Ciò detto, va qui evidenziato, che, nel caso in esame, non sussistono i presupposti per ritenere che la sentenza sia stata pubblicata con la firma del verbale di udienza perchè, come risulta dallo stesso verbale, alla predetta udienza è stato letto solo il dispositivo, ma non, anche, la motivazione della sentenza. Piuttosto, in questa ultima ipotesi, la data di pubblicazione della sentenza, sarà quella del deposito in cancelleria della stessa, ai sensi degli artt. 430 e 434 c.p.c..

Sicchè il Tribunale, ha errato nel dichiarare inammissibile l’appello per tardività, avendo considerato erroneamente la decorrenza del termine di impugnazione dalla data del verbale di udienza e non invece dalla data di deposito della sentenza stessa rispondente alla data del 10 agosto del 2015.

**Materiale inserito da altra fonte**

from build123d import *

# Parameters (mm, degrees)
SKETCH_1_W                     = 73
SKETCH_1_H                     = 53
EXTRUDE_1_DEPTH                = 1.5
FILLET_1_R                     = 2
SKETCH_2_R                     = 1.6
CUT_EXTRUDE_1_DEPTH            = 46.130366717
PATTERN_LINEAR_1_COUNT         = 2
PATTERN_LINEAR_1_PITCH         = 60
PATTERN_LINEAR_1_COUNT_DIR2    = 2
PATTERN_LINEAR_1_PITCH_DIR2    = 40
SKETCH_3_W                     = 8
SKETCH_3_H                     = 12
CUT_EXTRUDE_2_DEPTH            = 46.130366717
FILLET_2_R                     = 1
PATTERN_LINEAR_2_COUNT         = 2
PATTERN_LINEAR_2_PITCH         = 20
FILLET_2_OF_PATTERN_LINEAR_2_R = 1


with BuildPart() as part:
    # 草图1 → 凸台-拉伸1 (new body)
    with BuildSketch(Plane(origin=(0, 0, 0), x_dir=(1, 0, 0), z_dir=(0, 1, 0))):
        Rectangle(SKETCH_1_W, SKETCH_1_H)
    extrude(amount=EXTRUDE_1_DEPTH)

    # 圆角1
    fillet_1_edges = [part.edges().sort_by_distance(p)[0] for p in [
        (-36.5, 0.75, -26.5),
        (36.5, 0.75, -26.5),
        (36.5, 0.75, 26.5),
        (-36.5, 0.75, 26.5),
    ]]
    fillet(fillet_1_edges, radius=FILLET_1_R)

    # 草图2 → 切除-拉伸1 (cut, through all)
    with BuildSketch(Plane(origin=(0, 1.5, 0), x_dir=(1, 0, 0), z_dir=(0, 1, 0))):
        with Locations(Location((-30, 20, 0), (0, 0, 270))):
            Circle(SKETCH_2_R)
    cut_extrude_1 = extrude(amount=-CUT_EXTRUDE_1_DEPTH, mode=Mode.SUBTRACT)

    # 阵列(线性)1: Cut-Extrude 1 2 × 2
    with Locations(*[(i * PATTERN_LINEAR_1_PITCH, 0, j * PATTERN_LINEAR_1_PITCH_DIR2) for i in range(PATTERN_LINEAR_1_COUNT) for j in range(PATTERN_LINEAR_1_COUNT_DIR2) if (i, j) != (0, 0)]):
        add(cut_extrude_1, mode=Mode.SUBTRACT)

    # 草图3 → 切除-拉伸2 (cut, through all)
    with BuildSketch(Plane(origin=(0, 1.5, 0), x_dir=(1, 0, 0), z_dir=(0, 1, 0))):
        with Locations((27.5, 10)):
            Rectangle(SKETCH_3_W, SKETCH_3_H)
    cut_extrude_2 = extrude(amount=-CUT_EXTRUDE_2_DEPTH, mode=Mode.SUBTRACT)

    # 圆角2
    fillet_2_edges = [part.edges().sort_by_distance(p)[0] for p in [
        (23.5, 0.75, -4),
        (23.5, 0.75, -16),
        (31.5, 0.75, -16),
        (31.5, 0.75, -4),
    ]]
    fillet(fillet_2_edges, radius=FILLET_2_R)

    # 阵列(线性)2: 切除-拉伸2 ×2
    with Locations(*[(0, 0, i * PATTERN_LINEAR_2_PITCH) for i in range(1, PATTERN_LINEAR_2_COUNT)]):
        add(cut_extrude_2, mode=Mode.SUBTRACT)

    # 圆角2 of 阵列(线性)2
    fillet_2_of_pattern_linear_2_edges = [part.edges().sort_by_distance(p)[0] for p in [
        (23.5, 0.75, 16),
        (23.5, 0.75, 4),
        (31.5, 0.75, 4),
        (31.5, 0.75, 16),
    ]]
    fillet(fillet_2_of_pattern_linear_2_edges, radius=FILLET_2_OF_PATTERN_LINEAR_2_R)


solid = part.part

1.b) = Sotto altro profilo va qui detto che, come insegnano le Sezioni Unite di questa Corte (sent. 18569 del 22 settembre 2016): il deposito e la pubblicazione della sentenza coincidono e si realizzano nel momento in cui il deposito ufficiale in cancelleria determina l’inserimento della sentenza nell’elenco cronologico, con attribuzione del numero identificativo e conseguente conoscibilità per gli interessati, dovendosi identificare tale momento con quello di venuta ad esistenza della sentenza a tutti gli effetti, inclusa la decorrenza del termine lungo per la sua impugnazione. Qualora, peraltro, tali momenti risultino impropriamente scissi mediante apposizione in calce alla sentenza di due diverse date, ai fini della verifica della tempestività dell’impugnazione, il giudice deve accertare – attraverso istruttoria documentale, ovvero, ricorrendo a presunzioni semplici o, infine, alla regola di cui all’art. 2697 c.c., alla stregua della quale spetta all’impugnante provare la tempestività della propria impugnazione – quando la sentenza sia divenuta conoscibile attraverso il deposito ufficiale in cancelleria ed il suo inserimento nell’elenco cronologico con attribuzione del relativo numero identificativo.

In definitiva, il ricorso va accolto, la sentenza impugnata va cassata e la causa rinviata al Tribunale di Roma nella persona di altro Magistrato anche per la liquidazione delle spese del presente giudizio di cassazione.

P.Q.M.

La Corte accoglie il ricorso, cassa la sentenza impugnata e rinvia la causa, anche per la liquidazione delle spese del presente giudizio di cassazione, al Tribunale di Roma in persona di altro Magistrato.

Così deciso in Roma, nella Camera di Consiglio della Sesta Sezione Civile Seconda di questa Corte di Cassazione, il 5 giugno 2018.